# Easter candy

Easter Sunday saw St Paul, Minnesota waking up to weather perfection. Sunshine, low seventies (Fahrenheit), cloudless sky. Truly amazing.

There was a loon on Lake Phalen!

This was the sort of April weather that brings Minnesotans out of their homes to rediscover their neighbors.

So it is with Griffin, Tabitha and me on this warm spring morning. We are enjoying the warm sunshine on our front steps when L (five year old girl), O (3 year old boy) and their mom come biking, biking and strolling (respectively) down the sidewalk.

L is on a neighborhood mission delivering handmade Easter greeting cards.

It turns out that she has also pocketed some goodies from her own Easter basket. While we chat, she pulls out a bag of Cadbury mini eggs. In case you are unfamiliar, these are the size of pebbles. They are chocolate inside with a crunchy candy shell. Like an oversized egg-shaped M&M. Each little bag contains about a dozen.

So. Much. Candy.
This is likely a small fraction of the candy L has consumed by the time she stops to chat.

Anyway, mom notices the bag as soon as it emerges from L’s pocket. (Side note—mom is across the street! Holy SuperMom powers!) She warns L not to eat any more of these; arguing that L has had enough candy for one morning.

Mom: If you give everybody one, you can have one.

L proceeds to cheerfully open the package, hand one to Tabitha (who eagerly and gratefully receives it), one to Griffin and one to me.

I begin to think about what question to ask to get some math talk going.

But L is ahead of me.

After enjoying both her egg and a long thoughtful pause, she pokes her finger back into the bag. She begins to rummage around and asks:

L: Tabitha, do you want a second one?

## So what do we learn?

Children use math to their advantage.

L knew what mom meant. Mom had compromised on the candy, allowing her one piece. L knew that. And she knew that the process was repeatable.

One does not always mean one. One might be taken to mean each. “Each time you give everybody one, you can have one.” This is also a reasonable interpretation of mom’s words.
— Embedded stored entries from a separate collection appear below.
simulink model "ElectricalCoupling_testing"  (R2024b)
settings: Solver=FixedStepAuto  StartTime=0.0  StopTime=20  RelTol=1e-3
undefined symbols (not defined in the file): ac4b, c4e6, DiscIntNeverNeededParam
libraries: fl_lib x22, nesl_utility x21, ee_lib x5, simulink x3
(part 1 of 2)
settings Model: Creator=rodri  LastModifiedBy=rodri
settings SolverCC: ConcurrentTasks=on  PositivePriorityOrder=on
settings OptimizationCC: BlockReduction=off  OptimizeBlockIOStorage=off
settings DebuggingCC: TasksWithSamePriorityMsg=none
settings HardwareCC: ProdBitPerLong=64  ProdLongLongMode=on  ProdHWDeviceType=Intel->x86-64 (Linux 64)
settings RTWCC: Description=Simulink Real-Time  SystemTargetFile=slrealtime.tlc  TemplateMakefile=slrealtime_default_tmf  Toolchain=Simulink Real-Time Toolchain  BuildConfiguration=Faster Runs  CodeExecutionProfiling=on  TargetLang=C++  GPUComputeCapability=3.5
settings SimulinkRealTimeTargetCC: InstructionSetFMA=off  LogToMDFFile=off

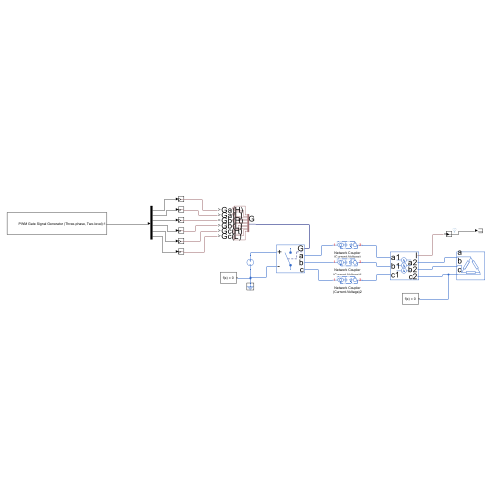
[thumbnail: Simulink's stored preview of the top-level diagram]
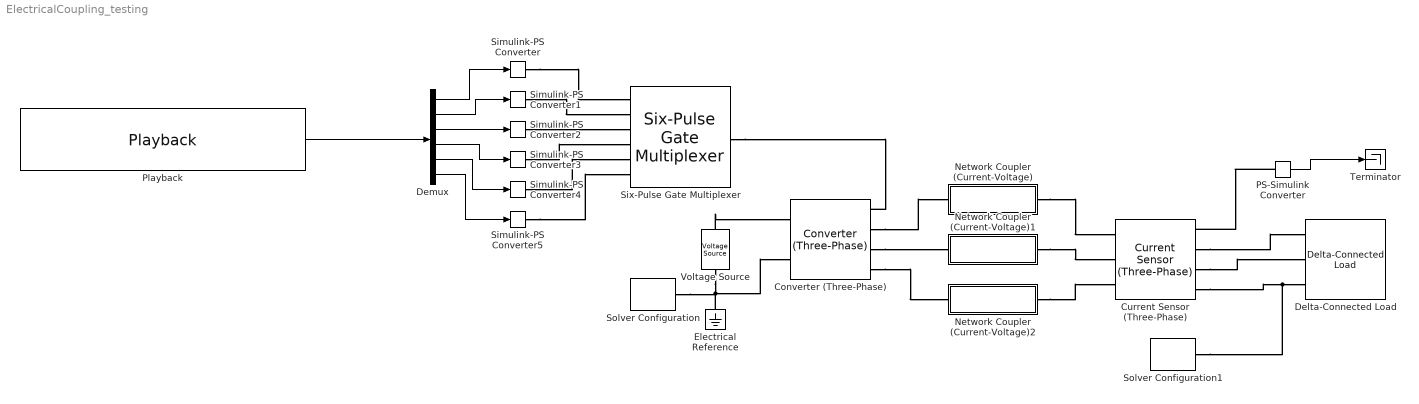
== system ElectricalCoupling_testing ==
  Converter (Three-Phase) : ee_lib/Semiconductors & Converters/Converters/Converter (Three-Phase)  port_option=ee.enum.threePhasePort.expanded  fidelity_option=ee.enum.converters.fidelity.detailed  device_type=ee.enum.converters.switchingdevice.ideal  showThermalPort=false  K=0  Vth=0.5 V  Vgt=1 V  Vgt_off=-1 V  Ih=1 A  Vf=0.8 V  Ron=0.001 Ohm  Rds=0.001 Ohm  Goff=1e-6 1/Ohm  Eon_scalar=22.86e-3 J  Eoff_scalar=17.14e-3 J  Eoff_natural_commutation=10e-3 J  Voff=300 V  Iout_scalar=600 A  onCurrentMeasDelay=0 s  useCurrentFromPreviousCycle=false  useVoltageFromPreviousCycle=false  diode_param=ee.enum.converters.protectiondiode.none  diode_Vf=0.8 V  diode_Ron=0.001 Ohm  diode_Goff=1e-5 1/Ohm  diode_C=50 nF  diode_iRM=-235 A  diode_iF=300 A  diode_idot=-50 A/us  diode_trr_param=ee.enum.converters.diodetrr.trr_factor  diode_trr_factor=3  diode_trr=15 us  diode_Qrr=1500 s*uA  diode_rec_loss_model=ee.enum.diode.reverseRecoveryModel.fixed  diode_ErecVal=0 J  diode_scaleWithIandV=false  diode_ErecMat=zeros(2, 3) J  diode_TjrecVec=[298.15, 398.15] K  diode_IfrecVec=[.1, 1, 10] A  diode_IrecVal=10 A  diode_VrecVal=10 V  diode_tFilter=1 / 1000 / 100 s  thermal_network_parameterization=ee.enum.thermalNetworkTopology.external  Rth=[.08, .5] K/W  Rth_Cauer=[.08, .1, .5] K/W  Rth_Foster=[.08, .14, .22, .16] K/W  thermal_mass_parameterization=ee.enum.thermalNetwork.timeconstant  thermal_mass=[.01, .5] J/K  thermal_mass_Cauer=[.01, .1, .5] J/K  thermal_mass_Foster=[.001, .005, .05, .5] J/K  thermal_time_constant=[.001, .2] s  thermal_time_constant_Cauer=[.001, .1, .2] s  thermal_time_constant_Foster=[7e-05, .0007, .01, .08] s  thermal_mass_initial_temperatures=[25, 25] degC  thermal_mass_initial_temperatures_Cauer=[25, 25, 25] degC  junction_thermal_mass=0.01 J/K  Tvec_initial_Foster=[25, 25, 25, 25] degC  snubber_type=ee.enum.converters.snubber.exclude  Cs=1e-7 F  Rs=0.1 Ohm  Vce_loss=[0, 150, 300] V
      settings: InternalSimscapePortConfiguration="{\"Bottom\":[],\"Left\":[{\"id\":\"G\",\"label\":\"G\",\"type\":\"foundation.electrical.twelve_phase\"},{\"id\":\"a\",\"label\":\"a\",\"type\":\"foundation.electrical.electrical\"},{\"id\":\"b\",\"label\":\"b\",\"type\":\"foundation.electrical.electrical\"},{\"id\":\"c\",\"label\":\"c\",\"type\":\"foundation.electrical.electrical\"}],\"Right\":[{\"id\":\"p\",\"label\":\"+\",\"type\":\"foundation.electrical.electrical\"},{\"id\":\"n\",\"label\":\"-\",\"type\":\"foundation.electrical.electrical\"}],\"Top\":[]}"
  Current Sensor (Three-Phase) : ee_lib/Sensors & Transducers/Current Sensor (Three-Phase)
      settings: InternalSimscapePortConfiguration="{\"Bottom\":[],\"Left\":[{\"id\":\"a1\",\"label\":\"a1\",\"type\":\"foundation.electrical.electrical\"},{\"id\":\"b1\",\"label\":\"b1\",\"type\":\"foundation.electrical.electrical\"},{\"id\":\"c1\",\"label\":\"c1\",\"type\":\"foundation.electrical.electrical\"}],\"Right\":[{\"id\":\"I_output\",\"label\":\"I\",\"type\":\"output\"},{\"id\":\"a2\",\"label\":\"a2\",\"type\":\"foundation.electrical.electrical\"},{\"id\":\"b2\",\"label\":\"b2\",\"type\":\"foundation.electrical.electrical\"},{\"id\":\"c2\",\"label\":\"c2\",\"type\":\"foundation.electrical.electrical\"}],\"Top\":[]}"
  Delta-Connected Load : ee_lib/Passive/RLC Assemblies/Delta-Connected Load  port_option=ee.enum.threePhasePort.expanded  parameterization=ee.enum.rlc.parameterization.ratedpower  component_structure=ee.enum.rlc.structure.R  component_structure_PQ=ee.enum.rlc.structure.SeriesRL  R=1 Ohm  L=1e-3 H  C=1e-6 F  VRated=380 V  FRated=60 Hz  P=10e3 W  Qpos=1e3 A*V  Qneg=-1e2 A*V  R_parasitic=0 Ohm  G_parasitic=0 1/Ohm  R_parasitic_PQ=0 Ohm  G_parasitic_PQ=0 1/Ohm  Vmag0=0 V  Vang0=0 deg  Freq0=60 Hz  IL_specify=off  IL_priority=High  IL=[0, 0, 0] A  IL_nominal_specify=off  IL_nominal_value=1  IL_nominal_unit=A  VC_specify=off  VC_priority=High  VC=[0, 0, 0] V  VC_nominal_specify=off  VC_nominal_value=1  VC_nominal_unit=V
      settings: InternalSimscapePortConfiguration="{\"Bottom\":[],\"Left\":[{\"id\":\"a\",\"label\":\"a\",\"type\":\"foundation.electrical.electrical\"},{\"id\":\"b\",\"label\":\"b\",\"type\":\"foundation.electrical.electrical\"},{\"id\":\"c\",\"label\":\"c\",\"type\":\"foundation.electrical.electrical\"}],\"Right\":[],\"Top\":[]}"
  Demux : Demux  Outputs=6
  Electrical Reference : fl_lib/Electrical/Electrical Elements/Electrical Reference
  Network Coupler (Current-Voltage) : Subsystem  mask(Network Coupler (Current-Voltage)){}
      mask init:
      | % Icon
      | key = 'Simscape.NetworkCouplers.ElectricalCurrentVoltage';
      | foundation.internal.couplers.updateIcon(gcb,'currentVoltageSource.svg',key)
      settings: OpenFcn=open_system(gcbh,'force')
      mask Help: web([docroot '/simscape/ref/networkcouplercurrentvoltage.html'])
      mask Display:
      | color('red');
      | port_label('LConn', 1,'1')
      | port_label('RConn', 1,'2')
  Network Coupler (Current-Voltage)1 : Subsystem  mask(Network Coupler (Current-Voltage)){}
      mask init:
      | % Icon
      | key = 'Simscape.NetworkCouplers.ElectricalCurrentVoltage';
      | foundation.internal.couplers.updateIcon(gcb,'currentVoltageSource.svg',key)
      settings: OpenFcn=open_system(gcbh,'force')
      mask Help: web([docroot '/simscape/ref/networkcouplercurrentvoltage.html'])
      mask Display:
      | color('red');
      | port_label('LConn', 1,'1')
      | port_label('RConn', 1,'2')
  Network Coupler (Current-Voltage)2 : Subsystem  mask(Network Coupler (Current-Voltage)){}
      mask init:
      | % Icon
      | key = 'Simscape.NetworkCouplers.ElectricalCurrentVoltage';
      | foundation.internal.couplers.updateIcon(gcb,'currentVoltageSource.svg',key)
      settings: OpenFcn=open_system(gcbh,'force')
      mask Help: web([docroot '/simscape/ref/networkcouplercurrentvoltage.html'])
      mask Display:
      | color('red');
      | port_label('LConn', 1,'1')
      | port_label('RConn', 1,'2')
  PS-Simulink Converter : nesl_utility/PS-Simulink Converter  PhysicalDomain=network_engine_domain  SubClassName=ps_output  LeftPortType=input  RightPortType=output  PseudoPeriodic=off  Frequencies=[]  VectorFormat=inherit  Unit=inherit  AffineConversion=off
  Playback : Playback  NumPorts=1  PartName=31bf6123-c4e6-46bc-ac4b-6301b38411a2
  Simulink-PS Converter{,1..5} (6 alike) : nesl_utility/Simulink-PS Converter  PhysicalDomain=network_engine_domain  SubClassName=ps_input  LeftPortType=input  RightPortType=output  PseudoPeriodic=off  Frequencies=[]  NoiseDistribution=none  NoiseParameters=[]  Unit=1  AffineConversion=off  FilteringAndDerivatives=provide  SimscapeFilterOrder=1  InputFilterTimeConstant=0.001  UdotUserProvided=0
  Six-Pulse Gate Multiplexer : ee_lib/Semiconductors & Converters/Converters/Six-Pulse Gate Multiplexer  port_option=ee.enum.controlport.ps
  Solver Configuration : nesl_utility/Solver Configuration  PhysicalDomain=network_engine_domain  SubClassName=solver  LeftPortType=input  RightPortType=generic  Tones=[]  Harmonics=[]  SimulateNoise=off  Profile=off  UseLocalSampling=off  EnableSwitchedLinearOptims=on  FrequencyDomain=off  UseCCode=off  RelTol=0.001  AbsTol=0.001  MinStep=1e-09  ToWorkspace=off  RevertToSquareIcSolve=off  NumHomotopyIterations=100  PhasorMode=off  PhasorModeNumHarmonics=1  ConsistencySolver=NEWTON_XTOL_AFTER_FTOL  IndexReductionMethod=DerivativeReplacement  DoDC=off  ResidualTolerance=1e-09  ConsistencyTolSource=GLOBAL  ConsistencyAbsTol=0.001  ConsistencyRelTol=0.001  ConsistencyTolFactor=0.001  UseLocalSolver=off  LocalSolverChoice=NE_BACKWARD_EULER_ADVANCER  ResolveIndetEquations=on  FunctionEvalNumThread=1  LocalSolverSampleTime=0.001  DoFixedCost=off  MaxNonlinIter=3  MaxModeIter=2  ComputeImpulses=off  ImpulseIterations=2  LinearAlgebra=auto  LinearAlgebraNumThread=0  EquationFormulation=NE_TIME_EF  DelaysMemoryBudget=1024  AutomaticFiltering=on  FilteringTimeConstant=0.001  PartitionStorageMethod=AS_NEEDED  PartitionMemoryBudget=1024  PartitionMethod=ROBUST  MultibodyUseLocalSolver=off  MultibodyLocalSolverChoice=ODE1  MultibodyLocalSolverSampleTime=0.001
  Solver Configuration1 : nesl_utility/Solver Configuration  PhysicalDomain=network_engine_domain  SubClassName=solver  LeftPortType=input  RightPortType=generic  Tones=[]  Harmonics=[]  SimulateNoise=off  Profile=off  UseLocalSampling=off  EnableSwitchedLinearOptims=on  FrequencyDomain=off  UseCCode=off  RelTol=0.001  AbsTol=0.001  MinStep=1e-09  ToWorkspace=off  RevertToSquareIcSolve=off  NumHomotopyIterations=100  PhasorMode=off  PhasorModeNumHarmonics=1  ConsistencySolver=NEWTON_XTOL_AFTER_FTOL  IndexReductionMethod=DerivativeReplacement  DoDC=off  ResidualTolerance=1e-09  ConsistencyTolSource=GLOBAL  ConsistencyAbsTol=0.001  ConsistencyRelTol=0.001  ConsistencyTolFactor=0.001  UseLocalSolver=off  LocalSolverChoice=NE_BACKWARD_EULER_ADVANCER  ResolveIndetEquations=on  FunctionEvalNumThread=1  LocalSolverSampleTime=0.001  DoFixedCost=off  MaxNonlinIter=3  MaxModeIter=2  ComputeImpulses=off  ImpulseIterations=2  LinearAlgebra=auto  LinearAlgebraNumThread=0  EquationFormulation=NE_TIME_EF  DelaysMemoryBudget=1024  AutomaticFiltering=on  FilteringTimeConstant=0.001  PartitionStorageMethod=AS_NEEDED  PartitionMemoryBudget=1024  PartitionMethod=ROBUST  MultibodyUseLocalSolver=off  MultibodyLocalSolverChoice=ODE1  MultibodyLocalSolverSampleTime=0.001
  Terminator : Terminator
  Voltage Source : ee_lib/Sources/Voltage Source  dc_voltage=380 V  ac_voltage=0 V  ac_shift=0 rad  ac_frequency=60 Hz  noise_mode=ee.enum.sources.noise.Disabled  PSD=0 V^2/Hz  sample_time=1e-3 s  repeatability=ee.enum.sources.repeatability.NotRepeatable  user_seed=0  auto_seed=3499211588  i_specify=off  i_priority=None  i=0 A  i_nominal_specify=off  i_nominal_value=1  i_nominal_unit=A  v_specify=off  v_priority=None  v=0 V  v_nominal_specify=off  v_nominal_value=1  v_nominal_unit=V
  wires:
  Demux/1 -> Simulink-PS Converter/1
  Demux/2 -> Simulink-PS Converter1/1
  Demux/3 -> Simulink-PS Converter2/1
  Demux/4 -> Simulink-PS Converter3/1
  Demux/5 -> Simulink-PS Converter4/1
  Demux/6 -> Simulink-PS Converter5/1
  Playback/1 -> Demux/1
  PS-Simulink Converter/1 -> Terminator/1
  connections:
  Simulink-PS Converter2/RConn1 -- Six-Pulse Gate Multiplexer/LConn3
  Simulink-PS Converter1/RConn1 -- Six-Pulse Gate Multiplexer/LConn2
  Simulink-PS Converter3/RConn1 -- Six-Pulse Gate Multiplexer/LConn4
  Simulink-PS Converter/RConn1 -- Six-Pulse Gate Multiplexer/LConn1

L was rule bending here. But she was also building the precursors of ratios. For every one you give a friend, you can have one. This is a ratio. Giving a friend two and having two fits this rule just as well as giving a friend one and having one. Ratios are one of the more challenging ideas behind multiplication and division relationships, and fractions.

What is maddening for parents is at the same time great thinking practice for children.

## Starting the conversation

This was a brilliant compromise strategy on mom’s part. I doubt that she intended to encourage L to think proportionally, but that doesn’t matter. More likely, she was trying to encourage the admirable social skill of sharing. By including numbers in her compromise, she opened the door for L to think.

As I have mentioned before, anytime your child wants to open a negotiation, there is an opportunity for math talk. Sometimes we parents need to give a flat out yes or no. But when negotiations are feasible, we can get our children thinking.